Bıçak gerekiyordu... yada ona benzer başka bir şey... keskin olan bir şey. O, özenle ceplerini kurcalamaya başladı, bu zaman arkasından sanki bir derinlik ve tehlikeli bir durum seziyordu. Hiçbir şey... bu yüzden onun hareketleri çok özenli ve ağırdı.

Cebinde paradan başka bir şey yoktu ve o, uçurumun üzerinde elini açtı.

O, aniden montunun sonunda uzunca metal parçası bulunan fermuarını hatırladı ve eliyle dokunarak onu koparmaya çalıştı... ama bunu bir türlü yapamıyordu.

Ona öyle geldi ki, çocuk kıpırdadı.

"Sakın uyanma", diye o, korkuyla düşündü ve büyük zorlukla kuruyarak yapışmış vaziyyetde olan dudaklarını ayırarak asgari duyulabilecek bir seviyede çocuğu uyandırmamak için ona aklına gelen ilk kelimeleri şarkı biçiminde okumaya başladı.

"Uyu çocuğum... uyu, bebek," diye o, zorlukla duyulabilen bir şekilde hırıltıyla sesleniyordu, hummalı bir şekilde herhangibir ninniyi hatırlamaya çalışıyordu.

Bu arada onun eli bir yolunu bulup sonunda montun fermuarına ulaşmayı başardı ve fermuarı sonuna kadar uzatarak tutacağını kopardı. Onu büyük ve işaret parmaklarıyla sıkıcı tutarak küçuk parmağını duvarda gezdirerek bir çatlak buldu ve onu tırmalamaya başladı.

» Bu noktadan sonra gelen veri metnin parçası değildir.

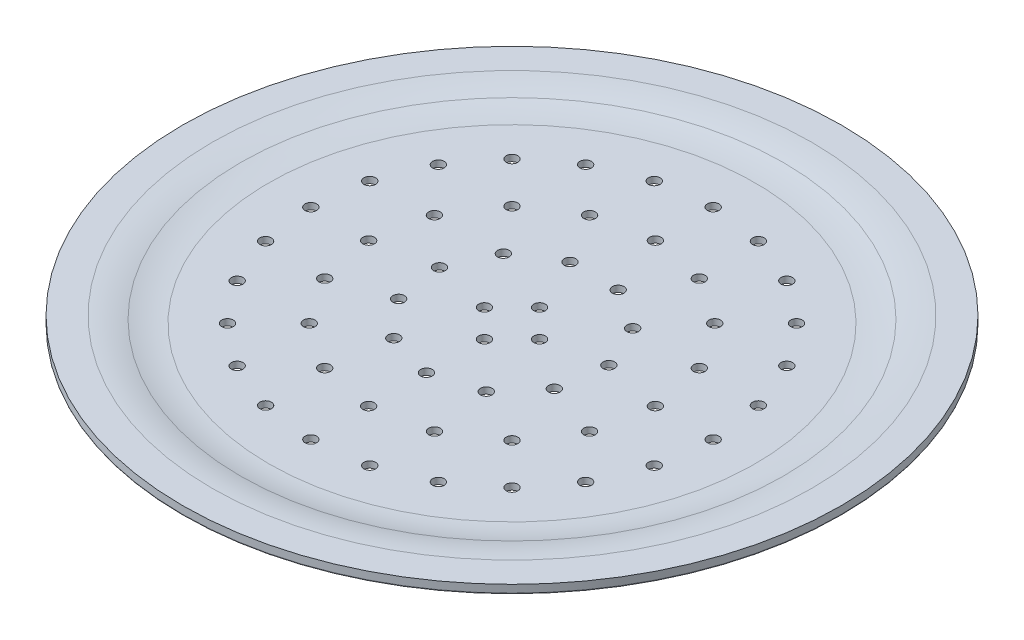
from build123d import *

# Parameters (mm, degrees)
SKETCH1_R             = 28.5
BOSS_EXTRUDE1_DEPTH   = 0.75
SKETCH2_R             = 22.5
BOSS_EXTRUDE2_DEPTH   = 0.4
FILLET1_R             = 0.3
FILLET2_R             = 0.1
FILLET3_R             = 0.1
SKETCH3_R             = 22.5
CUT_EXTRUDE1_DEPTH    = 0.6
FILLET4_R             = 10.1
FILLET5_R             = 10.1
SKETCH6_R             = 0.5
CUT_EXTRUDE3_DEPTH    = 41.321489308
CIRPATTERN1_START     = -1.15
CIRPATTERN1_OUTLINE_R = 0.5
CIRPATTERN1_DEPTH     = 0.55
SKETCH7_R             = 0.5
CUT_EXTRUDE4_DEPTH    = 41.321489308
CIRPATTERN2_COUNT     = 16
SKETCH8_R             = 0.5
CUT_EXTRUDE5_DEPTH    = 41.321489308
CIRPATTERN3_COUNT     = 11
SKETCH9_R             = 0.5
CUT_EXTRUDE6_DEPTH    = 41.321489308
CIRPATTERN4_COUNT     = 4


with BuildPart() as part:
    # Sketch1 → Boss-Extrude1 (new body)
    with BuildSketch(Plane(origin=(0, 0, 0), x_dir=(1, 0, 0), z_dir=(0, 1, 0))):
        with Locations(Location((0, 0, 0), (0, 0, 270))):
            Circle(SKETCH1_R)
    extrude(amount=-BOSS_EXTRUDE1_DEPTH)

    # Sketch2 → Boss-Extrude2 (add)
    with BuildSketch(Plane(origin=(0, -0.75, 0), x_dir=(1, 0, 0), z_dir=(0, 1, 0))):
        with Locations(Location((0, 0, 0), (0, 0, 270))):
            Circle(SKETCH2_R)
    extrude(amount=-BOSS_EXTRUDE2_DEPTH)

    # Fillet1
    fillet1_edges = [part.edges().sort_by_distance(p)[0] for p in [
        (0, -0.75, -22.5),
    ]]
    fillet(fillet1_edges, radius=FILLET1_R)

    # Fillet2
    fillet2_edges = [part.edges().sort_by_distance(p)[0] for p in [
        (0, -1.15, -22.5),
    ]]
    fillet(fillet2_edges, radius=FILLET2_R - 0.0001)  # a hair under: the kernel refuses the full size

    # Fillet3
    fillet3_edges = [part.edges().sort_by_distance(p)[0] for p in [
        (0, -0.75, -28.5),
    ]]
    fillet(fillet3_edges, radius=FILLET3_R)

    # Sketch3 → Cut-Extrude1 (cut)
    with BuildSketch(Plane(origin=(0, 0, 0), x_dir=(1, 0, 0), z_dir=(0, 1, 0))):
        with Locations(Location((0, 0, 0), (0, 0, 270))):
            Circle(SKETCH3_R)
    extrude(amount=-CUT_EXTRUDE1_DEPTH, mode=Mode.SUBTRACT)

    # Fillet4
    # the kernel refuses this fillet: 10.1 mm, written as the material it takes off along each edge
    with BuildSketch(Plane(origin=(0, 0, 0), x_dir=(0, 0, 1), z_dir=(-1, 0, 0))) as fillet4_piece_1:
        with BuildLine():
            CenterArc((25.92928564, -10.1), FILLET4_R, 90, 19.848438581)
            Line((22.5, -0.6), (22.5, 0))
            Line((22.5, 0), (25.92928564, 0))
        make_face()
    revolve(axis=Axis((0, 0, 0), (0, 1, 0)), mode=Mode.SUBTRACT)

    # Fillet5
    fillet5_edges = [part.edges().sort_by_distance(p)[0] for p in [
        (0, -0.6, -22.5),
    ]]
    fillet(fillet5_edges, radius=FILLET5_R)

    # Sketch6 → Cut-Extrude3 (cut, symmetric)
    with BuildSketch(Plane(origin=(0, 0, 0), x_dir=(1, 0, 0), z_dir=(0, 1, 0))):
        with Locations(Location((0, -17.4, 0), (0, 0, 270))):
            Circle(SKETCH6_R)
    extrude(amount=CUT_EXTRUDE3_DEPTH, both=True, mode=Mode.SUBTRACT)

    # CirPattern1: read off the stored shape, not the designer's step
    # CirPattern1 outline → CirPattern1 (cut)
    with BuildSketch(Plane(origin=(0, 0, 0), x_dir=(1, 0, 0), z_dir=(0, 1, 0)).offset(CIRPATTERN1_START)):
        with Locations((-4.503451385, -16.807109377)):
            Circle(CIRPATTERN1_OUTLINE_R)
        with Locations((4.503451385, -16.807109377)):
            Circle(CIRPATTERN1_OUTLINE_R)
        with Locations((8.7, -15.068842026)):
            Circle(CIRPATTERN1_OUTLINE_R)
        with Locations((12.303657993, -12.303657993)):
            Circle(CIRPATTERN1_OUTLINE_R)
        with Locations((15.068842026, -8.7)):
            Circle(CIRPATTERN1_OUTLINE_R)
        with Locations((16.807109377, -4.503451385)):
            Circle(CIRPATTERN1_OUTLINE_R)
        with Locations((17.4, 0)):
            Circle(CIRPATTERN1_OUTLINE_R)
        with Locations((-8.7, -15.068842026)):
            Circle(CIRPATTERN1_OUTLINE_R)
        with Locations((-12.303657993, -12.303657993)):
            Circle(CIRPATTERN1_OUTLINE_R)
        with Locations((-15.068842026, -8.7)):
            Circle(CIRPATTERN1_OUTLINE_R)
        with Locations((-16.807109377, -4.503451385)):
            Circle(CIRPATTERN1_OUTLINE_R)
        with Locations((-17.4, 0)):
            Circle(CIRPATTERN1_OUTLINE_R)
        with Locations((-16.807109377, 4.503451385)):
            Circle(CIRPATTERN1_OUTLINE_R)
        with Locations((-15.068842026, 8.7)):
            Circle(CIRPATTERN1_OUTLINE_R)
        with Locations((-12.303657993, 12.303657993)):
            Circle(CIRPATTERN1_OUTLINE_R)
        with Locations((-8.7, 15.068842026)):
            Circle(CIRPATTERN1_OUTLINE_R)
        with Locations((-4.503451385, 16.807109377)):
            Circle(CIRPATTERN1_OUTLINE_R)
        with Locations((0, 17.4)):
            Circle(CIRPATTERN1_OUTLINE_R)
        with Locations((4.503451385, 16.807109377)):
            Circle(CIRPATTERN1_OUTLINE_R)
        with Locations((8.7, 15.068842026)):
            Circle(CIRPATTERN1_OUTLINE_R)
        with Locations((12.303657993, 12.303657993)):
            Circle(CIRPATTERN1_OUTLINE_R)
        with Locations((15.068842026, 8.7)):
            Circle(CIRPATTERN1_OUTLINE_R)
        with Locations((16.807109377, 4.503451385)):
            Circle(CIRPATTERN1_OUTLINE_R)
    extrude(amount=CIRPATTERN1_DEPTH, mode=Mode.SUBTRACT)

    # Sketch7 → Cut-Extrude4 (cut, symmetric)
    with BuildSketch(Plane(origin=(0, 0, 0), x_dir=(1, 0, 0), z_dir=(0, 1, 0))):
        with Locations(Location((0, -12.4, 0), (0, 0, 270))):
            Circle(SKETCH7_R)
    cut_extrude4 = extrude(amount=CUT_EXTRUDE4_DEPTH, both=True, mode=Mode.SUBTRACT)

    # CirPattern2: Cut-Extrude4 ×16 about axis
    cirpattern2_axis = Axis((0, 0, 0), (0, 1, 0))
    for i in range(1, CIRPATTERN2_COUNT):
        add(cut_extrude4.rotate(cirpattern2_axis, i * 360 / CIRPATTERN2_COUNT), mode=Mode.SUBTRACT)

    # Sketch8 → Cut-Extrude5 (cut, symmetric)
    with BuildSketch(Plane(origin=(0, 0, 0), x_dir=(1, 0, 0), z_dir=(0, 1, 0))):
        with Locations(Location((0, -7.4, 0), (0, 0, 270))):
            Circle(SKETCH8_R)
    cut_extrude5 = extrude(amount=CUT_EXTRUDE5_DEPTH, both=True, mode=Mode.SUBTRACT)

    # CirPattern3: Cut-Extrude5 ×11 about axis
    cirpattern3_axis = Axis((0, 0, 0), (0, 1, 0))
    for i in range(1, CIRPATTERN3_COUNT):
        add(cut_extrude5.rotate(cirpattern3_axis, i * 360 / CIRPATTERN3_COUNT), mode=Mode.SUBTRACT)

    # Sketch9 → Cut-Extrude6 (cut, symmetric)
    with BuildSketch(Plane(origin=(0, 0, 0), x_dir=(1, 0, 0), z_dir=(0, 1, 0))):
        with Locations(Location((0, -2.385513904, 0), (0, 0, 270))):
            Circle(SKETCH9_R)
    cut_extrude6 = extrude(amount=CUT_EXTRUDE6_DEPTH, both=True, mode=Mode.SUBTRACT)

    # CirPattern4: Cut-Extrude6 ×4 about axis
    cirpattern4_axis = Axis((0, 0, 0), (0, 1, 0))
    for i in range(1, CIRPATTERN4_COUNT):
        add(cut_extrude6.rotate(cirpattern4_axis, i * 360 / CIRPATTERN4_COUNT), mode=Mode.SUBTRACT)


solid = part.part

O, ayağa kalkamadı, sırtı üzerine dönemedi, yüzünü duvardan ayıramadı ki, kendi emeğinin semeresini görsün diye... ama uyuşmuş parmaklar onun gözlerine dönüştü, ZİRA BÖYLE OLMASI GEREKİYORDU! Artık o, bu monolit duvarın her bir çatlağının özelliklerini değerlendirebiliyordu; bu duvar onun dünyasını iki anlaşılan ve şımarık kavrama ayırmaktaydı... dünyanın iki ucu... HAYAT VE ÖLÜM.

Galiba o, bir kaç defe kendinden geçmişti, çünkü demir parçasını düşürerek kaybediyordu ve korkudan ölecek bir durumda onu arayıp bulmak için kendi etrafında arayışlarda bulunuyordu.

O, biliyordu ki, onun parmaklarını aniden saran sıcaklık bizzat onun kendisinin halen sıcak olan ve çizilmiş parmaklarından akan kanıydı... nitekim demir parçası da ıslak ve kaygan olmuşdu.

O, kendini başarı sebebiyle kutladı: çünkü o, duvardan bir kaç küçük taş parçası koparmayı başarmıştı ve duvardan biraz daha büyük çapta taş parçasını neredeyse aşağıya uçma sınırında koparabildiğinde az kalsın sevinçten çığlık atacaktı...

Bazen hava aydınlanıyordu, sonra tekrar kararıyordu... galiba gündüz geceyle yer değişiyordu, ama onun gözleri artık yüzünden bir santim mesafede bulunan duvar üzerindeki çizgi mozaiğinden ayrılamıyordu... gözleri artık kaymaya başladı ve içinde kahkalar atmaya başladı: o, kendisinin dışarıdan nasıl gözüktüğünü düşünmeğe başladı.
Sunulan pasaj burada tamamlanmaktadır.